Edit: This is a faulty counter-example, since it doesn't satisfy the condition $\vert\arg(u_k)\vert\leq c<\pi/2$.  In fact, $\vert\arg(u_k)\vert\rightarrow\pi/2$ as $k\rightarrow\infty$.  @froggie's proof is correct.
A: Let $S = \{z\in \mathbb{C} : |\arg(z)|\leq c\}$. This is a sector of the right half plane. We can make two immediate observations about points in this sector:


*

*If $z\in S$, then the real part of $z$ is nonnegative.

*There is a constant $A>0$ such that if $z = x + iy\in S$, then $|y|\leq Ax$. The constant $A$ is the absolute value of the slope of the bounding lines of the sector $S$.

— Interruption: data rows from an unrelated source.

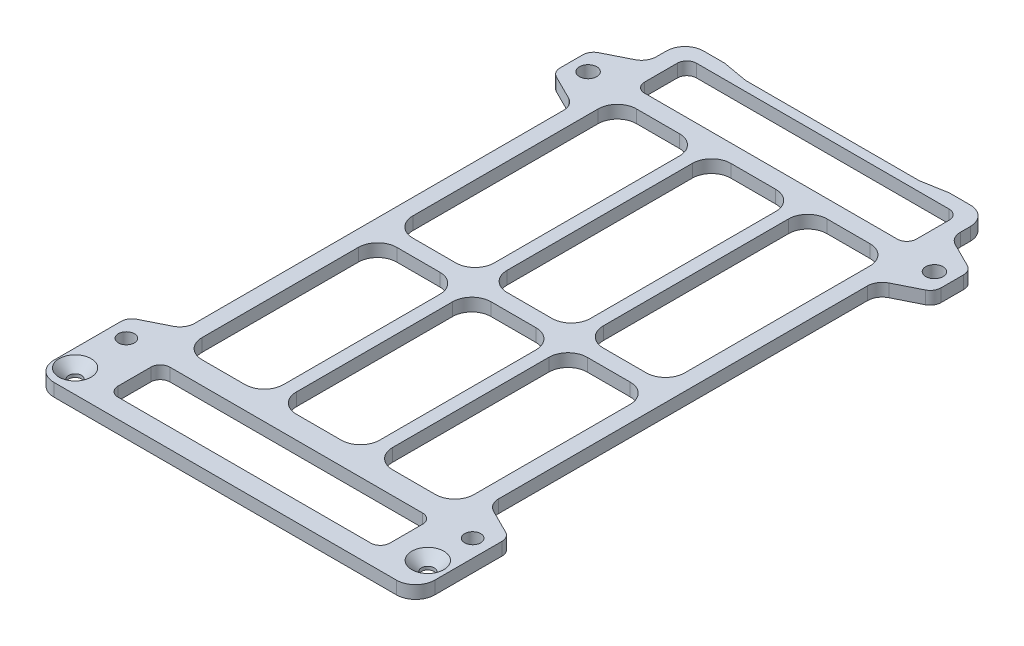
from build123d import *

# Parameters (mm, degrees)
SKETCH_1_R          = 1.35
SKETCH_1_R_2        = 1
SKETCH_1_R_3        = 1.25
EXTRUDE_1_DEPTH     = 2
FILLET_1_R          = 3
SKETCH_3_W          = 12.7
SKETCH_3_H          = 30.365325547
SKETCH_3_W_2        = 13
SKETCH_3_H_2        = 34.884674453
SKETCH_3_W_3        = 42.4
SKETCH_3_H_3        = 8.100647313
SKETCH_3_H_4        = 8.099352903
CUT_EXTRUDE_1_DEPTH = 60.74330897
FILLET_2_R          = 3
FILLET_3_R          = 1.5
CHAMFER_1_SIZE      = 1.5


with BuildPart() as part:
    # 草图1 → 凸台-拉伸1 (new body)
    with BuildSketch(Plane(origin=(0, 0, 0), x_dir=(1, 0, 0), z_dir=(0, 1, 0))):
        with BuildLine():
            Line((-29.7, -30.13671529), (-29.7, -43.600647313))
            Line((-29.7, -43.600647313), (29.7, -43.600647313))
            Line((29.7, -43.600647313), (29.7, -30.13671529))
            ThreePointArc((29.7, -30.13671529), (29.446106374, -29.2429724), (28.760263112, -28.616189066))
            Line((28.760263112, -28.616189066), (24.97140873, -26.721761875))
            ThreePointArc((24.97140873, -26.721761875), (24.043503141, -25.873760893), (23.7, -24.664579335))
            Line((23.7, -24.664579335), (23.7, 32.86328471))
            ThreePointArc((23.7, 32.86328471), (24.043503141, 34.072466267), (24.97140873, 34.920467249))
            Line((24.97140873, 34.920467249), (28.760263112, 36.81489444))
            ThreePointArc((28.760263112, 36.81489444), (29.446106374, 37.441677774), (29.7, 38.335420665))
            Line((29.7, 38.335420665), (29.7, 41.863284896))
            ThreePointArc((29.7, 41.863284896), (29.446106374, 42.757027787), (28.760263112, 43.383811121))
            Line((28.760263112, 43.383811121), (24.971408673, 45.278238341))
            ThreePointArc((24.971408673, 45.278238341), (24.043503084, 46.126239322), (23.699999943, 47.33542088))
            Line((23.699999943, 47.33542088), (23.699999943, 48.899352903))
            ThreePointArc((23.699999943, 48.899352903), (22.850609608, 50.949962568), (20.799999943, 51.799352902))
            Line((20.799999943, 51.799352902), (17.526051986, 51.799352902))
            Line((17.526051986, 51.799352902), (13.526051986, 51.099352903))
            Line((13.526051986, 51.099352903), (-13.5260521, 51.099352903))
            Line((-13.5260521, 51.099352903), (-17.5260521, 51.799352903))
            Line((-17.5260521, 51.799352903), (-20.800000057, 51.799352903))
            ThreePointArc((-20.800000057, 51.799352903), (-22.850609723, 50.949962568), (-23.700000057, 48.899352903))
            Line((-23.700000057, 48.899352903), (-23.700000057, 47.33542088))
            ThreePointArc((-23.700000057, 47.33542088), (-24.043503184, 46.126239345), (-24.97140874, 45.278238364))
            Line((-24.97140874, 45.278238364), (-28.760263161, 43.383811045))
            ThreePointArc((-28.760263161, 43.383811045), (-29.446106456, 42.757027659), (-29.700000093, 41.86328471))
            Line((-29.700000093, 41.86328471), (-29.700000093, 38.335420665))
            ThreePointArc((-29.700000093, 38.335420665), (-29.446106448, 37.44167771), (-28.760263093, 36.814894415))
            Line((-28.760263093, 36.814894415), (-24.971408738, 34.920467256))
            ThreePointArc((-24.971408738, 34.920467256), (-24.043503143, 34.072466274), (-23.7, 32.863284713))
            Line((-23.7, 32.863284713), (-23.7, -24.664579335))
            ThreePointArc((-23.7, -24.664579335), (-24.043503141, -25.873760893), (-24.97140873, -26.721761875))
            Line((-24.97140873, -26.721761875), (-28.760263112, -28.616189066))
            ThreePointArc((-28.760263112, -28.616189066), (-29.446106374, -29.2429724), (-29.7, -30.13671529))
        make_face()
        with Locations(Location((-27, 40, 0), (0, 0, 270))):
            Circle(SKETCH_1_R, mode=Mode.SUBTRACT)
        with Locations(Location((27, 40, 0), (0, 0, 270))):
            Circle(SKETCH_1_R, mode=Mode.SUBTRACT)
        with Locations(Location((-27, -40, 0), (0, 0, 270))):
            Circle(SKETCH_1_R_2, mode=Mode.SUBTRACT)
        with Locations(Location((26.5, -38.5, 0), (0, 0, 270))):
            Circle(SKETCH_1_R_2, mode=Mode.SUBTRACT)
        with Locations(Location((-27, -32, 0), (0, 0, 270))):
            Circle(SKETCH_1_R_3, mode=Mode.SUBTRACT)
        with Locations(Location((27, -32, 0), (0, 0, 270))):
            Circle(SKETCH_1_R_3, mode=Mode.SUBTRACT)
    extrude(amount=EXTRUDE_1_DEPTH)

    # 圆角1
    fillet_1_edges = [part.edges().sort_by_distance(p)[0] for p in [
        (29.7, 1, 43.600647313),
        (-29.7, 1, 43.600647313),
    ]]
    fillet(fillet_1_edges, radius=FILLET_1_R)

    # 草图3 → 切除-拉伸1 (cut, through all)
    with BuildSketch(Plane(origin=(0, 2, 0), x_dir=(1, 0, 0), z_dir=(0, 1, 0))):
        with Locations((14.85, -13.817337227)):
            Rectangle(SKETCH_3_W, SKETCH_3_H)
        with Locations((0, -13.817337227)):
            Rectangle(SKETCH_3_W_2, SKETCH_3_H)
        with Locations((-14.85, 21.307662773)):
            Rectangle(SKETCH_3_W, SKETCH_3_H_2)
        with Locations((0, 21.307662773)):
            Rectangle(SKETCH_3_W_2, SKETCH_3_H_2)
        with Locations((-14.85, -13.817337227)):
            Rectangle(SKETCH_3_W, SKETCH_3_H)
        with Locations((14.85, 21.307662773)):
            Rectangle(SKETCH_3_W, SKETCH_3_H_2)
        with Locations((0, -36.550323656)):
            Rectangle(SKETCH_3_W_3, SKETCH_3_H_3)
        with Locations((0, 45.549676452)):
            Rectangle(SKETCH_3_W_3, SKETCH_3_H_4)
    extrude(amount=-CUT_EXTRUDE_1_DEPTH, mode=Mode.SUBTRACT)

    # 圆角2
    fillet_2_edges = [part.edges().sort_by_distance(p)[0] for p in [
        (21.2, 1, -1.365325547),
        (21.2, 1, 29),
        (8.5, 1, 29),
        (8.5, 1, -1.365325547),
        (-21.2, 1, 29),
        (-21.2, 1, -1.365325547),
        (-8.5, 1, -1.365325547),
        (-8.5, 1, 29),
        (-6.5, 1, 29),
        (-6.5, 1, -1.365325547),
        (6.5, 1, -1.365325547),
        (6.5, 1, 29),
        (-6.5, 1, -3.865325547),
        (-6.5, 1, -38.75),
        (6.5, 1, -38.75),
        (6.5, 1, -3.865325547),
        (21.2, 1, -38.75),
        (21.2, 1, -3.865325547),
        (8.5, 1, -3.865325547),
        (8.5, 1, -38.75),
        (-21.2, 1, -3.865325547),
        (-21.2, 1, -38.75),
        (-8.5, 1, -38.75),
        (-8.5, 1, -3.865325547),
    ]]
    fillet(fillet_2_edges, radius=FILLET_2_R)

    # 圆角3
    fillet_3_edges = [part.edges().sort_by_distance(p)[0] for p in [
        (-21.2, 1, 40.600647313),
        (-21.2, 1, 32.5),
        (21.2, 1, 32.5),
        (21.2, 1, 40.600647313),
        (-21.2, 1, -41.5),
        (-21.2, 1, -49.599352903),
        (21.2, 1, -49.599352903),
        (21.2, 1, -41.5),
    ]]
    fillet(fillet_3_edges, radius=FILLET_3_R)

    # 倒角1
    chamfer_1_edges = [part.edges().sort_by_distance(p)[0] for p in [
        (-27, 2, 39),
        (26.5, 2, 37.5),
    ]]
    chamfer(chamfer_1_edges, length=CHAMFER_1_SIZE)


solid = part.part
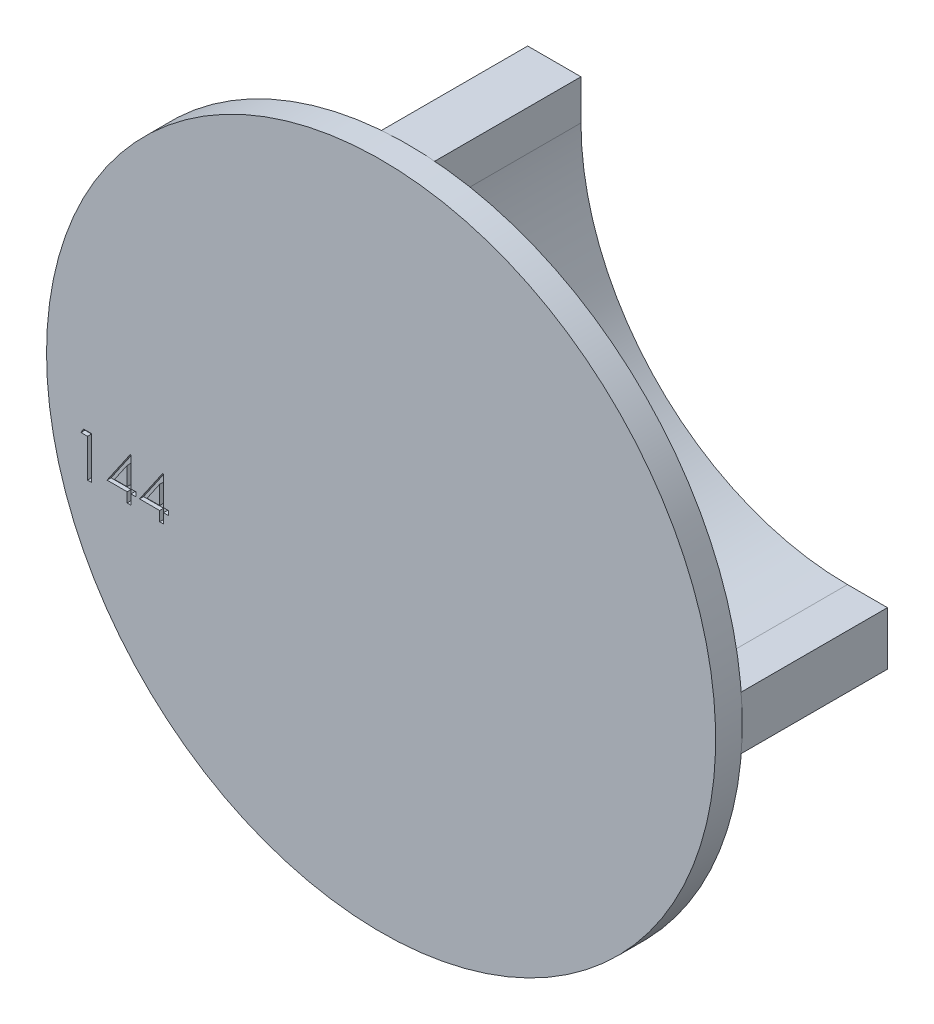
from build123d import *

# Parameters (mm, degrees)
BOSS_EXTRUDE1_START = 2
BOSS_EXTRUDE1_DEPTH = 13
SKETCH7_R           = 25.106657787
BOSS_EXTRUDE3_DEPTH = 2
SKETCH8_R           = 5
CUT_EXTRUDE2_DEPTH  = 4
CUT_EXTRUDE3_DEPTH  = 0.3


with BuildPart() as part:
    # Sketch4 → Boss-Extrude1 (new body)
    with BuildSketch(Plane.XY.offset(BOSS_EXTRUDE1_START)):
        with BuildLine():
            Line((-25, 2), (-25, 0))
            Line((-25, 0), (25, 0))
            Line((25, 0), (25, 2))
            Line((25, 2), (22, 2))
            ThreePointArc((22, 2), (7.857864376, 7.857864376), (2, 22))
            Line((2, 22), (2, 25))
            Line((2, 25), (-2, 25))
            Line((-2, 25), (-2, 22))
            ThreePointArc((-2, 22), (-7.857864376, 7.857864376), (-22, 2))
            Line((-22, 2), (-25, 2))
        make_face()
        with BuildLine():
            Line((25, 0), (-25, 0))
            Line((-25, 0), (-25, -2))
            Line((-25, -2), (-22, -2))
            ThreePointArc((-22, -2), (-7.857864376, -7.857864376), (-2, -22))
            Line((-2, -22), (-2, -25))
            Line((-2, -25), (2, -25))
            Line((2, -25), (2, -22))
            ThreePointArc((2, -22), (7.857864376, -7.857864376), (22, -2))
            Line((22, -2), (25, -2))
            Line((25, -2), (25, 0))
        make_face()
    extrude(amount=BOSS_EXTRUDE1_DEPTH)

    # Sketch7 → Boss-Extrude3 (add)
    with BuildSketch(Plane(origin=(0, 0, 15), x_dir=(-1, 0, 0), z_dir=(0, 0, -1))):
        Circle(SKETCH7_R)
    extrude(amount=BOSS_EXTRUDE3_DEPTH)

    # Sketch8 → Cut-Extrude2 (cut)
    with BuildSketch(Plane.XY):
        Circle(SKETCH8_R)
    extrude(amount=CUT_EXTRUDE2_DEPTH, mode=Mode.SUBTRACT)

    # Sketch11 → Cut-Extrude3 (cut)
    # profile 1 of 3: a face of its own
    with BuildSketch(Plane.XY.offset(15)):
        Polygon((-22.334208893, -3.554058613), (-21.747164623, -3.554058613), (-21.747164623, -6.729058613), (-22.03210052, -6.729058613), (-22.03210052, -3.879699638), (-22.520562059, -3.879699638), align=None)
    # profile 2 of 3: a face of its own
    with BuildSketch(Plane.XY.offset(15)):
        Polygon((-18.833567868, -3.472648356), (-18.775690264, -3.472648356), (-18.775690264, -5.670725279), (-18.40934411, -5.670725279), (-18.40934411, -5.996366305), (-18.775690264, -5.996366305), (-18.775690264, -6.729058613), (-19.060626161, -6.729058613), (-19.060626161, -5.996366305), (-20.566715905, -5.996366305), align=None)
        Polygon((-19.060626161, -5.670725279), (-19.060626161, -4.291839062), (-20.007020392, -5.670725279), align=None, mode=Mode.SUBTRACT)
    # profile 3 of 3: a face of its own
    with BuildSketch(Plane.XY.offset(15)):
        Polygon((-16.391260175, -3.472648356), (-16.333382571, -3.472648356), (-16.333382571, -5.670725279), (-15.967036417, -5.670725279), (-15.967036417, -5.996366305), (-16.333382571, -5.996366305), (-16.333382571, -6.729058613), (-16.618318469, -6.729058613), (-16.618318469, -5.996366305), (-18.124408212, -5.996366305), align=None)
        Polygon((-16.618318469, -5.670725279), (-16.618318469, -4.291839062), (-17.5647127, -5.670725279), align=None, mode=Mode.SUBTRACT)
    extrude(amount=-CUT_EXTRUDE3_DEPTH, mode=Mode.SUBTRACT)


solid = part.part
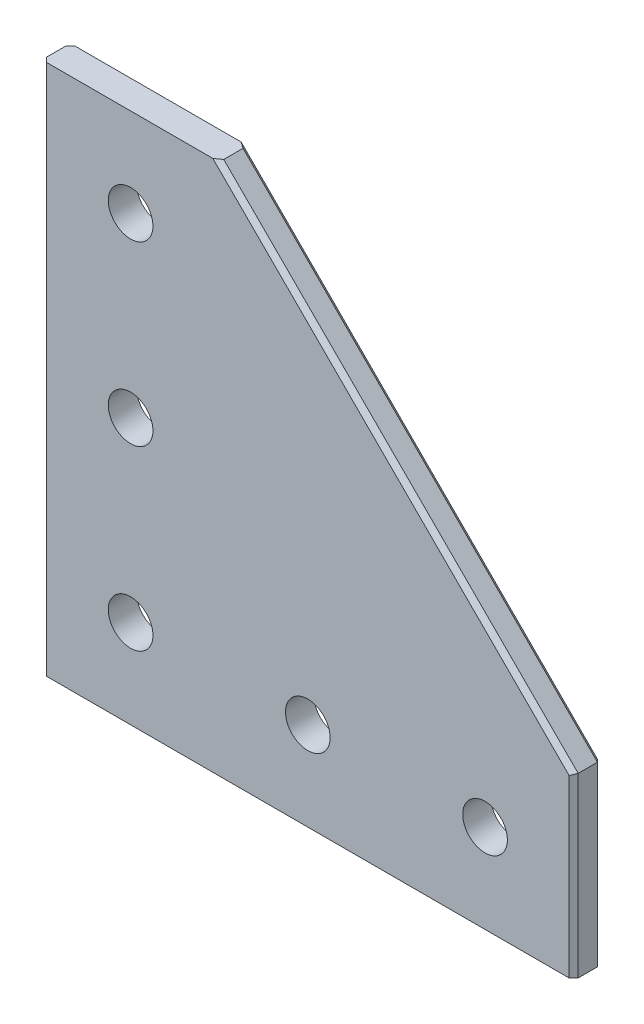
from build123d import *

# Parameters (mm, degrees)
SKETCH1_R      = 3.15
EXTRUDE1_DEPTH = 4
CHAMFER1_SIZE  = 0.64


with BuildPart() as part:
    # Sketch1 → Extrude1 (new body)
    with BuildSketch(Plane.XY):
        Polygon((-23.945658648, 33.397892325), (-23.945658648, -41.602107675), (51.054341352, -41.602107675), (51.054341352, -16.602107675), (1.054341352, 33.397892325), align=None)
        with Locations((-11.445658648, -29.102107675)):
            Circle(SKETCH1_R, mode=Mode.SUBTRACT)
        with Locations((-11.445658648, -4.102107675)):
            Circle(SKETCH1_R, mode=Mode.SUBTRACT)
        with Locations((-11.445658648, 20.897892325)):
            Circle(SKETCH1_R, mode=Mode.SUBTRACT)
        with Locations((13.554341352, -29.102107675)):
            Circle(SKETCH1_R, mode=Mode.SUBTRACT)
        with Locations((38.554341352, -29.102107675)):
            Circle(SKETCH1_R, mode=Mode.SUBTRACT)
    extrude(amount=EXTRUDE1_DEPTH)

    # Chamfer1
    chamfer1_edges = [part.edges().sort_by_distance(p)[0] for p in [
        (51.054341352, -29.102107675, 4),
        (26.054341352, 8.397892325, 4),
        (26.054341352, 8.397892325, 0),
        (51.054341352, -29.102107675, 0),
        (-23.945658648, -4.102107675, 0),
        (-23.945658648, -4.102107675, 4),
    ]]
    chamfer(chamfer1_edges, length=CHAMFER1_SIZE)


solid = part.part
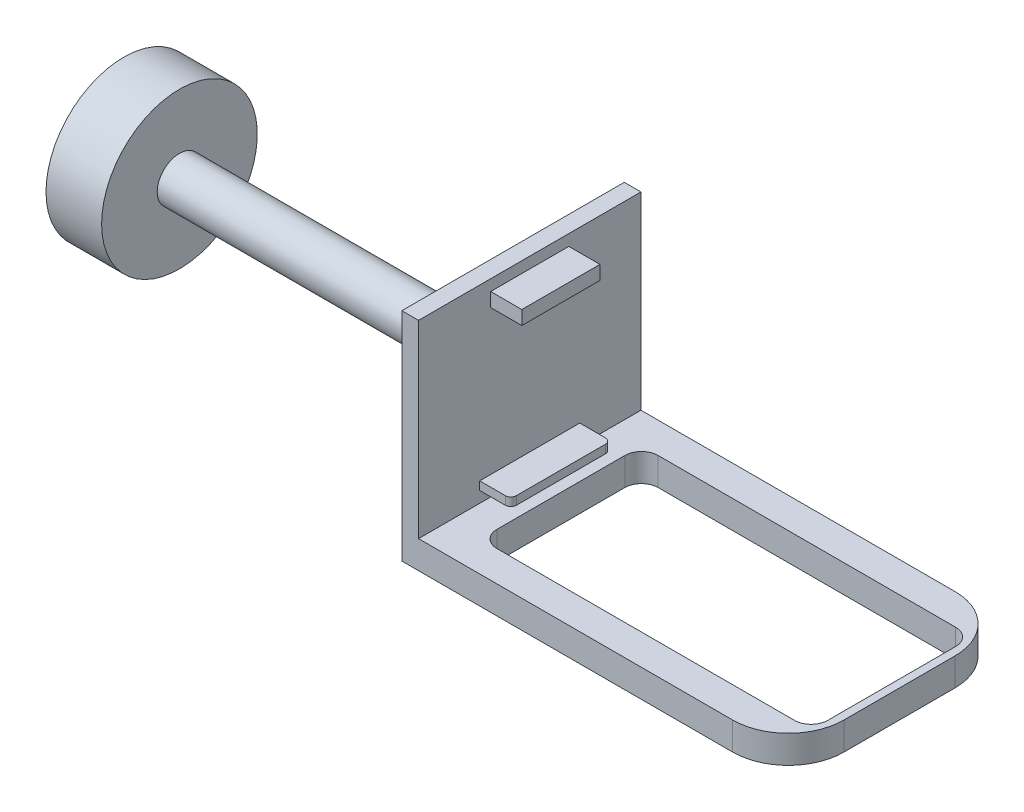
from build123d import *

# Parameters (mm, degrees)
SKETCH2_W           = 66.5
SKETCH2_H           = 40
BOSS_EXTRUDE1_DEPTH = 5
SKETCH5_W           = 40
SKETCH5_H           = 39
BOSS_EXTRUDE3_DEPTH = 3
SKETCH11_W          = 14.05
SKETCH11_H          = 2.5
SKETCH11_W_2        = 18
SKETCH11_H_2        = 1.5
BOSS_EXTRUDE4_DEPTH = 5.6
FILLET4_R           = 1
SKETCH12_R          = 4
BOSS_EXTRUDE5_DEPTH = 60
FILLET6_R           = 10
SKETCH13_R          = 14
BOSS_EXTRUDE6_DEPTH = 10
SKETCH14_R          = 5
CUT_EXTRUDE1_DEPTH  = 5
SKETCH15_R          = 2.25
CUT_EXTRUDE2_DEPTH  = 3


with BuildPart() as part:
    # Sketch2 → Boss-Extrude1 (new body)
    with BuildSketch(Plane(origin=(0, 0, 0), x_dir=(1, 0, 0), z_dir=(0, 1, 0))):
        Rectangle(SKETCH2_W, SKETCH2_H)
        with BuildLine():
            Line((-27.65, 11.5), (-27.65, -11.5))
            ThreePointArc((-27.65, -11.5), (-26.771320344, -13.621320344), (-24.65, -14.5))
            Line((-24.65, -14.5), (28.85, -14.5))
            ThreePointArc((28.85, -14.5), (30.971320344, -13.621320344), (31.85, -11.5))
            Line((31.85, -11.5), (31.85, 11.5))
            ThreePointArc((31.85, 11.5), (30.971320344, 13.621320344), (28.85, 14.5))
            Line((28.85, 14.5), (-24.65, 14.5))
            ThreePointArc((-24.65, 14.5), (-26.771320344, 13.621320344), (-27.65, 11.5))
        make_face(mode=Mode.SUBTRACT)
    extrude(amount=BOSS_EXTRUDE1_DEPTH)

    # Sketch5 → Boss-Extrude3 (add)
    with BuildSketch(Plane.ZY.offset(33.25)):
        with Locations((0, 19.5)):
            Rectangle(SKETCH5_W, SKETCH5_H)
    extrude(amount=BOSS_EXTRUDE3_DEPTH)

    # Sketch11 → Boss-Extrude4 (add)
    with BuildSketch(Plane(origin=(-33.25, 0, 0), x_dir=(0, 0, -1), z_dir=(1, 0, 0))):
        with Locations((0, 35.75)):
            Rectangle(SKETCH11_W, SKETCH11_H)
        with Locations((0, 7.75)):
            Rectangle(SKETCH11_W_2, SKETCH11_H_2)
    extrude(amount=BOSS_EXTRUDE4_DEPTH)

    # Fillet4
    fillet4_edges = [part.edges().sort_by_distance(p)[0] for p in [
        (-27.65, 7.75, -9),
        (-27.65, 7.75, 9),
    ]]
    fillet(fillet4_edges, radius=FILLET4_R)

    # Sketch12 → Boss-Extrude5 (add)
    with BuildSketch(Plane.ZY.offset(36.25)):
        with Locations((0, 19.5)):
            Circle(SKETCH12_R)
    extrude(amount=BOSS_EXTRUDE5_DEPTH)

    # Fillet6
    fillet6_edges = [part.edges().sort_by_distance(p)[0] for p in [
        (33.25, 2.5, 20),
        (33.25, 2.5, -20),
    ]]
    fillet(fillet6_edges, radius=FILLET6_R)

    # Sketch13 → Boss-Extrude6 (add)
    with BuildSketch(Plane.ZY.offset(96.25)):
        with Locations((0, 19.5)):
            Circle(SKETCH13_R)
    extrude(amount=BOSS_EXTRUDE6_DEPTH)

    # Sketch14 → Cut-Extrude1 (cut)
    with BuildSketch(Plane.ZY.offset(106.25)):
        with Locations((0, 19.5)):
            Circle(SKETCH14_R)
    extrude(amount=-CUT_EXTRUDE1_DEPTH, mode=Mode.SUBTRACT)

    # Sketch15 → Cut-Extrude2 (cut)
    with BuildSketch(Plane.ZY.offset(101.25)):
        with Locations((0, 19.5)):
            Circle(SKETCH15_R)
    extrude(amount=-CUT_EXTRUDE2_DEPTH, mode=Mode.SUBTRACT)


solid = part.part

Using the second bullet point, we see that if $z = x + iy\in S$, then $$|z|^2 = x^2 + y^2 \leq (1+A^2)x^2,$$ and hence $$|z|\leq \sqrt{1+A^2}x = \sqrt{1+A^2} Re(z).$$
We can then apply this to the $u_k$, to derive that $$\sum_{k=1}^N|u_k|\leq \sqrt{1+A^2}\sum_{k=1}^N Re(u_k)\leq \sqrt{1+A^2} Re\sum_{k=1}^Nu_k\leq \sqrt{1 + A^2}\left|\sum_{k=1}^N u_k\right|.$$ We know that $|\sum_{k=1}^N u_k|$ converges as $N\to \infty$, since $\sum u_k$ converges. Thus the right hand side is bounded. It follows that the sequence $\sum_{k=1}^N |u_k|$ is bounded in $N$. But this sum increases as $N\to \infty$, and all bounded increasing sequences converge. Thus $\sum |u_k|$ converges.